_Information provided_
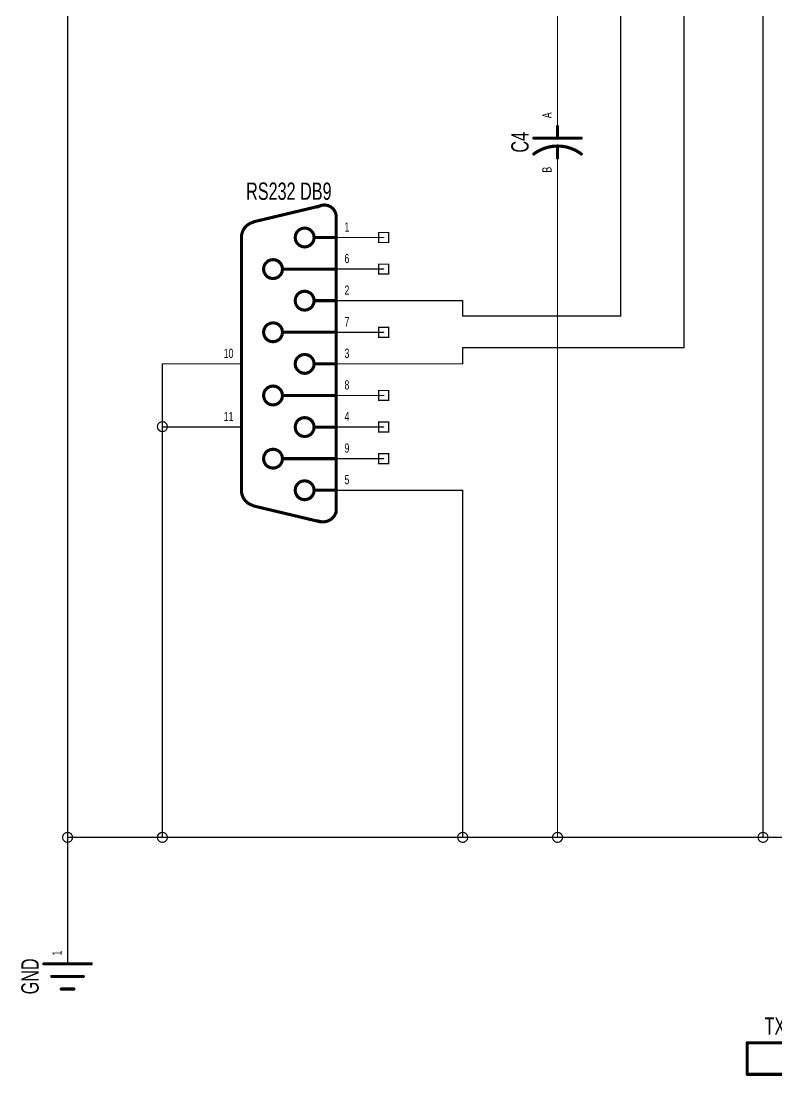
# Model space of a CAD drawing. Extents: x -0.1 to 11, y -0.1 to 7.9.
# Drawn here: x 0.253 to 2.644, y 0.445 to 3.783 of the extents above; entities that cross this region are included whole.
import ezdxf
from ezdxf.enums import TextEntityAlignment as Align

# ---------------------------------------------------------------- set-up
doc = ezdxf.new("R2010")
doc.units = 0
for name, color, linetype in [('Element', 253, 'CONTINUOUS'), ('Net', 50, 'CONTINUOUS'), ('Pin', 50, 'CONTINUOUS')]:
    doc.layers.add(name, color=color, linetype=linetype)

msp = doc.modelspace()

# ---------------------------------------------------------------- linework, layer by layer
at = {"layer": 'Element', "linetype": 'CONTINUOUS'}
for points, const_width in [([(1.9475, 3.45, 1), (1.9525, 3.45, 1), (1.9475, 3.45, 1)], 0.0049), ([(1.8725, 3.413, 1), (1.8775, 3.413, 1), (1.8725, 3.413, 1)], 0.0049), ([(1.9475, 3.413, 1), (1.9525, 3.413, 1), (1.9475, 3.413, 1)], 0.0049), ([(2.0225, 3.413, 1), (2.0275, 3.413, 1), (2.0225, 3.413, 1)], 0.0049), ([(1.9475, 3.388, 1), (1.9525, 3.388, 1), (1.9475, 3.388, 1)], 0.0049), ([(1.8723, 3.3628, 1), (1.8773, 3.3628, 1), (1.8723, 3.3628, 1)], 0.005), ([(1.9475, 3.35, 1), (1.9525, 3.35, 1), (1.9475, 3.35, 1)], 0.0049), ([(2.0227, 3.3628, 1), (2.0277, 3.3628, 1), (2.0227, 3.3628, 1)], 0.005), ([(1.1888, 3.1951, 1), (1.1937, 3.1951, 1), (1.1888, 3.1951, 1)], 0.0049), ([(1.1975, 3.1986, 1), (1.2025, 3.1986, 1), (1.1975, 3.1986, 1)], 0.0049), ([(1.2475, 3.1686, 1), (1.2525, 3.1686, 1), (1.2475, 3.1686, 1)], 0.0049), ([(0.9846, 3.1469, 1), (0.9895, 3.1469, 1), (0.9846, 3.1469, 1)], 0.0049), ([(0.9875, 3.1486, 1), (0.9925, 3.1486, 1), (0.9875, 3.1486, 1)], 0.0049), ([(1.2474, 3.166, 1), (1.2523, 3.166, 1), (1.2474, 3.166, 1)], 0.0049), ([(0.9475, 3.0986, 1), (0.9525, 3.0986, 1), (0.9475, 3.0986, 1)], 0.0049), ([(0.9475, 3.0986, 1), (0.9525, 3.0986, 1), (0.9475, 3.0986, 1)], 0.0049), ([(1.1475, 3.0686, 1), (1.1525, 3.0686, 1), (1.1475, 3.0686, 1)], 0.0049), ([(1.1775, 3.0986, 1), (1.1825, 3.0986, 1), (1.1775, 3.0986, 1)], 0.0049), ([(1.2475, 3.0986, 1), (1.2525, 3.0986, 1), (1.2475, 3.0986, 1)], 0.0049), ([(1.2475, 3.0986, 1), (1.2525, 3.0986, 1), (1.2475, 3.0986, 1)], 0.0049), ([(1.2475, 3.0986, 1), (1.2525, 3.0986, 1), (1.2475, 3.0986, 1)], 0.0049), ([(1.0475, 2.9686, 1), (1.0525, 2.9686, 1), (1.0475, 2.9686, 1)], 0.0049), ([(1.0775, 2.9986, 1), (1.0825, 2.9986, 1), (1.0775, 2.9986, 1)], 0.0049), ([(1.2475, 2.9986, 1), (1.2525, 2.9986, 1), (1.2475, 2.9986, 1)], 0.0049), ([(1.1475, 2.8686, 1), (1.1525, 2.8686, 1), (1.1475, 2.8686, 1)], 0.0049), ([(1.1775, 2.8986, 1), (1.1825, 2.8986, 1), (1.1775, 2.8986, 1)], 0.0049), ([(1.2475, 2.8986, 1), (1.2525, 2.8986, 1), (1.2475, 2.8986, 1)], 0.0049), ([(1.0475, 2.7686, 1), (1.0525, 2.7686, 1), (1.0475, 2.7686, 1)], 0.0049), ([(1.0775, 2.7986, 1), (1.0825, 2.7986, 1), (1.0775, 2.7986, 1)], 0.0049), ([(1.2475, 2.7986, 1), (1.2525, 2.7986, 1), (1.2475, 2.7986, 1)], 0.0049), ([(1.1475, 2.6686, 1), (1.1525, 2.6686, 1), (1.1475, 2.6686, 1)], 0.0049), ([(1.1775, 2.6986, 1), (1.1825, 2.6986, 1), (1.1775, 2.6986, 1)], 0.0049), ([(1.2475, 2.6986, 1), (1.2525, 2.6986, 1), (1.2475, 2.6986, 1)], 0.0049), ([(1.0475, 2.5686, 1), (1.0525, 2.5686, 1), (1.0475, 2.5686, 1)], 0.0049), ([(1.0775, 2.5986, 1), (1.0825, 2.5986, 1), (1.0775, 2.5986, 1)], 0.0049), ([(1.2475, 2.5986, 1), (1.2525, 2.5986, 1), (1.2475, 2.5986, 1)], 0.0049), ([(1.1475, 2.4686, 1), (1.1525, 2.4686, 1), (1.1475, 2.4686, 1)], 0.0049), ([(1.1775, 2.4986, 1), (1.1825, 2.4986, 1), (1.1775, 2.4986, 1)], 0.0049), ([(1.2475, 2.4986, 1), (1.2525, 2.4986, 1), (1.2475, 2.4986, 1)], 0.0049), ([(1.0475, 2.3686, 1), (1.0525, 2.3686, 1), (1.0475, 2.3686, 1)], 0.0049), ([(1.0775, 2.3986, 1), (1.0825, 2.3986, 1), (1.0775, 2.3986, 1)], 0.0049), ([(1.2475, 2.3986, 1), (1.2525, 2.3986, 1), (1.2475, 2.3986, 1)], 0.0049), ([(0.9475, 2.2986, 1), (0.9525, 2.2986, 1), (0.9475, 2.2986, 1)], 0.0049), ([(0.9475, 2.2986, 1), (0.9525, 2.2986, 1), (0.9475, 2.2986, 1)], 0.0049), ([(1.1775, 2.2986, 1), (1.1825, 2.2986, 1), (1.1775, 2.2986, 1)], 0.0049), ([(1.2475, 2.2986, 1), (1.2525, 2.2986, 1), (1.2475, 2.2986, 1)], 0.0049), ([(1.2475, 2.2986, 1), (1.2525, 2.2986, 1), (1.2475, 2.2986, 1)], 0.0049), ([(1.2475, 2.2986, 1), (1.2525, 2.2986, 1), (1.2475, 2.2986, 1)], 0.0049), ([(1.1475, 2.2686, 1), (1.1525, 2.2686, 1), (1.1475, 2.2686, 1)], 0.0049), ([(0.9846, 2.2503, 1), (0.9895, 2.2503, 1), (0.9846, 2.2503, 1)], 0.0049), ([(0.9875, 2.2486, 1), (0.9925, 2.2486, 1), (0.9875, 2.2486, 1)], 0.0049), ([(1.1888, 2.2021, 1), (1.1937, 2.2021, 1), (1.1888, 2.2021, 1)], 0.0049), ([(1.1975, 2.1986, 1), (1.2025, 2.1986, 1), (1.1975, 2.1986, 1)], 0.0049), ([(1.2474, 2.2312, 1), (1.2523, 2.2312, 1), (1.2474, 2.2312, 1)], 0.0049), ([(1.2475, 2.2286, 1), (1.2525, 2.2286, 1), (1.2475, 2.2286, 1)], 0.0049), ([(0.3225, 0.8, 1), (0.3275, 0.8, 1), (0.3225, 0.8, 1)], 0.0049), ([(0.4725, 0.8, 1), (0.4775, 0.8, 1), (0.4725, 0.8, 1)], 0.0049), ([(0.3475, 0.76, 1), (0.3525, 0.76, 1), (0.3475, 0.76, 1)], 0.0049), ([(0.4475, 0.76, 1), (0.4525, 0.76, 1), (0.4475, 0.76, 1)], 0.0049), ([(0.3775, 0.72, 1), (0.3825, 0.72, 1), (0.3775, 0.72, 1)], 0.0049), ([(0.4175, 0.72, 1), (0.4225, 0.72, 1), (0.4175, 0.72, 1)], 0.0049), ([(2.5475, 0.55, 1), (2.5525, 0.55, 1), (2.5475, 0.55, 1)], 0.0049), ([(2.5475, 0.55, 1), (2.5525, 0.55, 1), (2.5475, 0.55, 1)], 0.0049), ([(2.5475, 0.45, 1), (2.5525, 0.45, 1), (2.5475, 0.45, 1)], 0.0049), ([(2.5475, 0.45, 1), (2.5525, 0.45, 1), (2.5475, 0.45, 1)], 0.0049)]:
    msp.add_lwpolyline(points, format="xyb", dxfattribs=dict(at, const_width=const_width))
for points, const_width in [([(1.95, 3.45), (1.95, 3.413)], 0.0098), ([(1.875, 3.413), (2.025, 3.413)], 0.0098), ([(2.0252, 3.3628), (2.0186, 3.3675), (2.0117, 3.3717), (2.0046, 3.3755), (1.9972, 3.3787), (1.9897, 3.3815), (1.9819, 3.3839), (1.9741, 3.3857), (1.9661, 3.387), (1.9581, 3.3877), (1.95, 3.388), (1.9419, 3.3877), (1.9339, 3.387), (1.9259, 3.3857), (1.9181, 3.3839), (1.9103, 3.3815), (1.9028, 3.3787), (1.8954, 3.3754), (1.8883, 3.3717), (1.8814, 3.3675), (1.8748, 3.3628)], 0.01), ([(1.95, 3.388), (1.95, 3.35)], 0.0098), ([(1.2498, 3.166), (1.2494, 3.1699), (1.2485, 3.1738), (1.2473, 3.1775), (1.2456, 3.1811), (1.2436, 3.1845), (1.2412, 3.1877), (1.2386, 3.1906), (1.2356, 3.1932), (1.2324, 3.1955), (1.2289, 3.1975), (1.2253, 3.199), (1.2215, 3.2002), (1.2177, 3.201), (1.2137, 3.2014), (1.2098, 3.2013), (1.2058, 3.2009), (1.202, 3.2), (1.1982, 3.1988), (1.1946, 3.1971), (1.1912, 3.1951)], 0.0098), ([(0.99, 3.1486), (1.2, 3.1986)], 0.0098), ([(1.25, 3.1686), (1.25, 3.0986)], 0.0098), ([(0.9871, 3.1469), (0.9839, 3.1459), (0.9809, 3.1448), (0.9779, 3.1434), (0.975, 3.1419), (0.9722, 3.1402), (0.9696, 3.1383), (0.967, 3.1362), (0.9646, 3.134), (0.9624, 3.1316), (0.9603, 3.129), (0.9584, 3.1264), (0.9567, 3.1236), (0.9552, 3.1207), (0.9538, 3.1177), (0.9527, 3.1147), (0.9517, 3.1115), (0.951, 3.1084), (0.9504, 3.1051), (0.9501, 3.1019), (0.95, 3.0986)], 0.0098), ([(1.15, 3.0686), (1.1593, 3.0701), (1.1676, 3.0743), (1.1743, 3.081), (1.1785, 3.0893), (1.18, 3.0986), (1.1785, 3.1079), (1.1743, 3.1162), (1.1676, 3.1229), (1.1593, 3.1271), (1.15, 3.1286), (1.1407, 3.1271), (1.1324, 3.1229), (1.1257, 3.1162), (1.1215, 3.1079), (1.12, 3.0986), (1.1215, 3.0893), (1.1257, 3.081), (1.1324, 3.0743), (1.1407, 3.0701), (1.15, 3.0686)], 0.0098), ([(0.95, 3.0986), (0.95, 2.2986)], 0.0098), ([(1.18, 3.0986), (1.25, 3.0986)], 0.0098), ([(1.25, 2.2986), (1.25, 3.0986)], 0.0098), ([(1.05, 2.9686), (1.0593, 2.9701), (1.0676, 2.9743), (1.0743, 2.981), (1.0785, 2.9893), (1.08, 2.9986), (1.0785, 3.0079), (1.0743, 3.0162), (1.0676, 3.0229), (1.0593, 3.0271), (1.05, 3.0286), (1.0407, 3.0271), (1.0324, 3.0229), (1.0257, 3.0162), (1.0215, 3.0079), (1.02, 2.9986), (1.0215, 2.9893), (1.0257, 2.981), (1.0324, 2.9743), (1.0407, 2.9701), (1.05, 2.9686)], 0.0098), ([(1.25, 2.9986), (1.08, 2.9986)], 0.0098), ([(1.15, 2.8686), (1.1593, 2.8701), (1.1676, 2.8743), (1.1743, 2.881), (1.1785, 2.8893), (1.18, 2.8986), (1.1785, 2.9079), (1.1743, 2.9162), (1.1676, 2.9229), (1.1593, 2.9271), (1.15, 2.9286), (1.1407, 2.9271), (1.1324, 2.9229), (1.1257, 2.9162), (1.1215, 2.9079), (1.12, 2.8986), (1.1215, 2.8893), (1.1257, 2.881), (1.1324, 2.8743), (1.1407, 2.8701), (1.15, 2.8686)], 0.0098), ([(1.18, 2.8986), (1.25, 2.8986)], 0.0098), ([(1.05, 2.7686), (1.0593, 2.7701), (1.0676, 2.7743), (1.0743, 2.781), (1.0785, 2.7893), (1.08, 2.7986), (1.0785, 2.8079), (1.0743, 2.8162), (1.0676, 2.8229), (1.0593, 2.8271), (1.05, 2.8286), (1.0407, 2.8271), (1.0324, 2.8229), (1.0257, 2.8162), (1.0215, 2.8079), (1.02, 2.7986), (1.0215, 2.7893), (1.0257, 2.781), (1.0324, 2.7743), (1.0407, 2.7701), (1.05, 2.7686)], 0.0098), ([(1.25, 2.7986), (1.08, 2.7986)], 0.0098), ([(1.15, 2.6686), (1.1593, 2.6701), (1.1676, 2.6743), (1.1743, 2.681), (1.1785, 2.6893), (1.18, 2.6986), (1.1785, 2.7079), (1.1743, 2.7162), (1.1676, 2.7229), (1.1593, 2.7271), (1.15, 2.7286), (1.1407, 2.7271), (1.1324, 2.7229), (1.1257, 2.7162), (1.1215, 2.7079), (1.12, 2.6986), (1.1215, 2.6893), (1.1257, 2.681), (1.1324, 2.6743), (1.1407, 2.6701), (1.15, 2.6686)], 0.0098), ([(1.18, 2.6986), (1.25, 2.6986)], 0.0098), ([(1.05, 2.5686), (1.0593, 2.5701), (1.0676, 2.5743), (1.0743, 2.581), (1.0785, 2.5893), (1.08, 2.5986), (1.0785, 2.6079), (1.0743, 2.6162), (1.0676, 2.6229), (1.0593, 2.6271), (1.05, 2.6286), (1.0407, 2.6271), (1.0324, 2.6229), (1.0257, 2.6162), (1.0215, 2.6079), (1.02, 2.5986), (1.0215, 2.5893), (1.0257, 2.581), (1.0324, 2.5743), (1.0407, 2.5701), (1.05, 2.5686)], 0.0098), ([(1.25, 2.5986), (1.08, 2.5986)], 0.0098), ([(1.15, 2.4686), (1.1593, 2.4701), (1.1676, 2.4743), (1.1743, 2.481), (1.1785, 2.4893), (1.18, 2.4986), (1.1785, 2.5079), (1.1743, 2.5162), (1.1676, 2.5229), (1.1593, 2.5271), (1.15, 2.5286), (1.1407, 2.5271), (1.1324, 2.5229), (1.1257, 2.5162), (1.1215, 2.5079), (1.12, 2.4986), (1.1215, 2.4893), (1.1257, 2.481), (1.1324, 2.4743), (1.1407, 2.4701), (1.15, 2.4686)], 0.0098), ([(1.18, 2.4986), (1.25, 2.4986)], 0.0098), ([(1.05, 2.3686), (1.0593, 2.3701), (1.0676, 2.3743), (1.0743, 2.381), (1.0785, 2.3893), (1.08, 2.3986), (1.0785, 2.4079), (1.0743, 2.4162), (1.0676, 2.4229), (1.0593, 2.4271), (1.05, 2.4286), (1.0407, 2.4271), (1.0324, 2.4229), (1.0257, 2.4162), (1.0215, 2.4079), (1.02, 2.3986), (1.0215, 2.3893), (1.0257, 2.381), (1.0324, 2.3743), (1.0407, 2.3701), (1.05, 2.3686)], 0.0098), ([(1.25, 2.3986), (1.08, 2.3986)], 0.0098), ([(1.15, 2.2686), (1.1593, 2.2701), (1.1676, 2.2743), (1.1743, 2.281), (1.1785, 2.2893), (1.18, 2.2986), (1.1785, 2.3079), (1.1743, 2.3162), (1.1676, 2.3229), (1.1593, 2.3271), (1.15, 2.3286), (1.1407, 2.3271), (1.1324, 2.3229), (1.1257, 2.3162), (1.1215, 2.3079), (1.12, 2.2986), (1.1215, 2.2893), (1.1257, 2.281), (1.1324, 2.2743), (1.1407, 2.2701), (1.15, 2.2686)], 0.0098), ([(0.95, 2.2986), (0.9501, 2.2953), (0.9504, 2.2921), (0.951, 2.2888), (0.9517, 2.2857), (0.9527, 2.2825), (0.9538, 2.2795), (0.9552, 2.2765), (0.9567, 2.2736), (0.9584, 2.2708), (0.9603, 2.2682), (0.9624, 2.2656), (0.9646, 2.2632), (0.967, 2.261), (0.9696, 2.2589), (0.9722, 2.257), (0.975, 2.2553), (0.9779, 2.2538), (0.9809, 2.2524), (0.9839, 2.2513), (0.9871, 2.2503)], 0.0098), ([(1.18, 2.2986), (1.25, 2.2986)], 0.0098), ([(1.25, 2.2286), (1.25, 2.2986)], 0.0098), ([(0.99, 2.2486), (1.2, 2.1986)], 0.0098), ([(1.1912, 2.2021), (1.1947, 2.2008), (1.1983, 2.1998), (1.2019, 2.1991), (1.2056, 2.1987), (1.2094, 2.1986), (1.2131, 2.1989), (1.2167, 2.1995), (1.2204, 2.2004), (1.2239, 2.2016), (1.2273, 2.2031), (1.2305, 2.2049), (1.2336, 2.207), (1.2365, 2.2093), (1.2392, 2.2119), (1.2417, 2.2147), (1.2439, 2.2177), (1.2458, 2.2208), (1.2474, 2.2242), (1.2488, 2.2276), (1.2498, 2.2312)], 0.0098), ([(0.325, 0.8), (0.475, 0.8)], 0.0098), ([(0.35, 0.76), (0.45, 0.76)], 0.0098), ([(0.38, 0.72), (0.42, 0.72)], 0.0098), ([(2.55, 0.45), (2.55, 0.55)], 0.0098), ([(2.55, 0.55), (2.95, 0.55)], 0.0098), ([(2.55, 0.45), (2.95, 0.45)], 0.0098)]:
    msp.add_lwpolyline(points, dxfattribs=dict(at, const_width=const_width))
at = {"layer": 'Net', "linetype": 'CONTINUOUS', "const_width": 0.0039}
for points in [[(2.15, 2.85), (2.15, 5.05)], [(2.35, 2.75), (2.35, 4.75)], [(0.4, 4.55), (0.4, 1.2)], [(1.95, 3.6), (1.95, 4.55)], [(2.6, 4.55), (2.6, 1.2)], [(1.95, 3.2), (1.95, 1.2)], [(1.4, 2.8986), (1.65, 2.8986)], [(1.65, 2.8986), (1.65, 2.85)], [(1.65, 2.85), (2.15, 2.85)], [(1.65, 2.6986), (1.65, 2.75)], [(1.65, 2.75), (2.35, 2.75)], [(0.8, 2.6986), (0.7, 2.6986)], [(0.7, 2.6986), (0.7, 2.4986)], [(1.4, 2.6986), (1.65, 2.6986)], [(0.6843, 2.5), (0.685, 2.4951), (0.6873, 2.4907), (0.6907, 2.4873), (0.6951, 2.485), (0.7, 2.4843), (0.7049, 2.485), (0.7093, 2.4873), (0.7127, 2.4907), (0.715, 2.4951), (0.7157, 2.5), (0.715, 2.5049), (0.7127, 2.5093), (0.7093, 2.5127), (0.7049, 2.515), (0.7, 2.5157), (0.6951, 2.515), (0.6907, 2.5127), (0.6873, 2.5093), (0.685, 2.5049), (0.6843, 2.5)], [(0.7, 2.5), (0.7, 2.5)], [(0.7, 2.5), (0.7, 1.2)], [(0.7, 2.4986), (0.8, 2.4986)], [(1.4, 2.2986), (1.65, 2.2986)], [(1.65, 2.2986), (1.65, 1.2)], [(0.3843, 1.2), (0.385, 1.1951), (0.3873, 1.1907), (0.3907, 1.1873), (0.3951, 1.185), (0.4, 1.1843), (0.4049, 1.185), (0.4093, 1.1873), (0.4127, 1.1907), (0.415, 1.1951), (0.4157, 1.2), (0.415, 1.2049), (0.4127, 1.2093), (0.4093, 1.2127), (0.4049, 1.215), (0.4, 1.2157), (0.3951, 1.215), (0.3907, 1.2127), (0.3873, 1.2093), (0.385, 1.2049), (0.3843, 1.2)], [(7.55, 1.2), (0.4, 1.2)], [(0.4, 1.2), (0.4, 0.95)], [(0.6843, 1.2), (0.685, 1.1951), (0.6873, 1.1907), (0.6907, 1.1873), (0.6951, 1.185), (0.7, 1.1843), (0.7049, 1.185), (0.7093, 1.1873), (0.7127, 1.1907), (0.715, 1.1951), (0.7157, 1.2), (0.715, 1.2049), (0.7127, 1.2093), (0.7093, 1.2127), (0.7049, 1.215), (0.7, 1.2157), (0.6951, 1.215), (0.6907, 1.2127), (0.6873, 1.2093), (0.685, 1.2049), (0.6843, 1.2)], [(1.6343, 1.2), (1.635, 1.1951), (1.6373, 1.1907), (1.6407, 1.1873), (1.6451, 1.185), (1.65, 1.1843), (1.6549, 1.185), (1.6593, 1.1873), (1.6627, 1.1907), (1.665, 1.1951), (1.6657, 1.2), (1.665, 1.2049), (1.6627, 1.2093), (1.6593, 1.2127), (1.6549, 1.215), (1.65, 1.2157), (1.6451, 1.215), (1.6407, 1.2127), (1.6373, 1.2093), (1.635, 1.2049), (1.6343, 1.2)], [(1.9343, 1.2), (1.935, 1.1951), (1.9373, 1.1907), (1.9407, 1.1873), (1.9451, 1.185), (1.95, 1.1843), (1.9549, 1.185), (1.9593, 1.1873), (1.9627, 1.1907), (1.965, 1.1951), (1.9657, 1.2), (1.965, 1.2049), (1.9627, 1.2093), (1.9593, 1.2127), (1.9549, 1.215), (1.95, 1.2157), (1.9451, 1.215), (1.9407, 1.2127), (1.9373, 1.2093), (1.935, 1.2049), (1.9343, 1.2)], [(2.5843, 1.2), (2.585, 1.1951), (2.5873, 1.1907), (2.5907, 1.1873), (2.5951, 1.185), (2.6, 1.1843), (2.6049, 1.185), (2.6093, 1.1873), (2.6127, 1.1907), (2.615, 1.1951), (2.6157, 1.2), (2.615, 1.2049), (2.6127, 1.2093), (2.6093, 1.2127), (2.6049, 1.215), (2.6, 1.2157), (2.5951, 1.215), (2.5907, 1.2127), (2.5873, 1.2093), (2.585, 1.2049), (2.5843, 1.2)]]:
    msp.add_lwpolyline(points, dxfattribs=at)
at = {"layer": 'Net', "linetype": 'CONTINUOUS', "const_width": 0.002}
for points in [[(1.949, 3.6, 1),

_Work instruction_
Each line above with the word "dict" needs to be copied.

_Task response_
    msp.add_lwpolyline(points, format="xyb", dxfattribs=dict(at, const_width=const_width))
    msp.add_lwpolyline(points, dxfattribs=dict(at, const_width=const_width))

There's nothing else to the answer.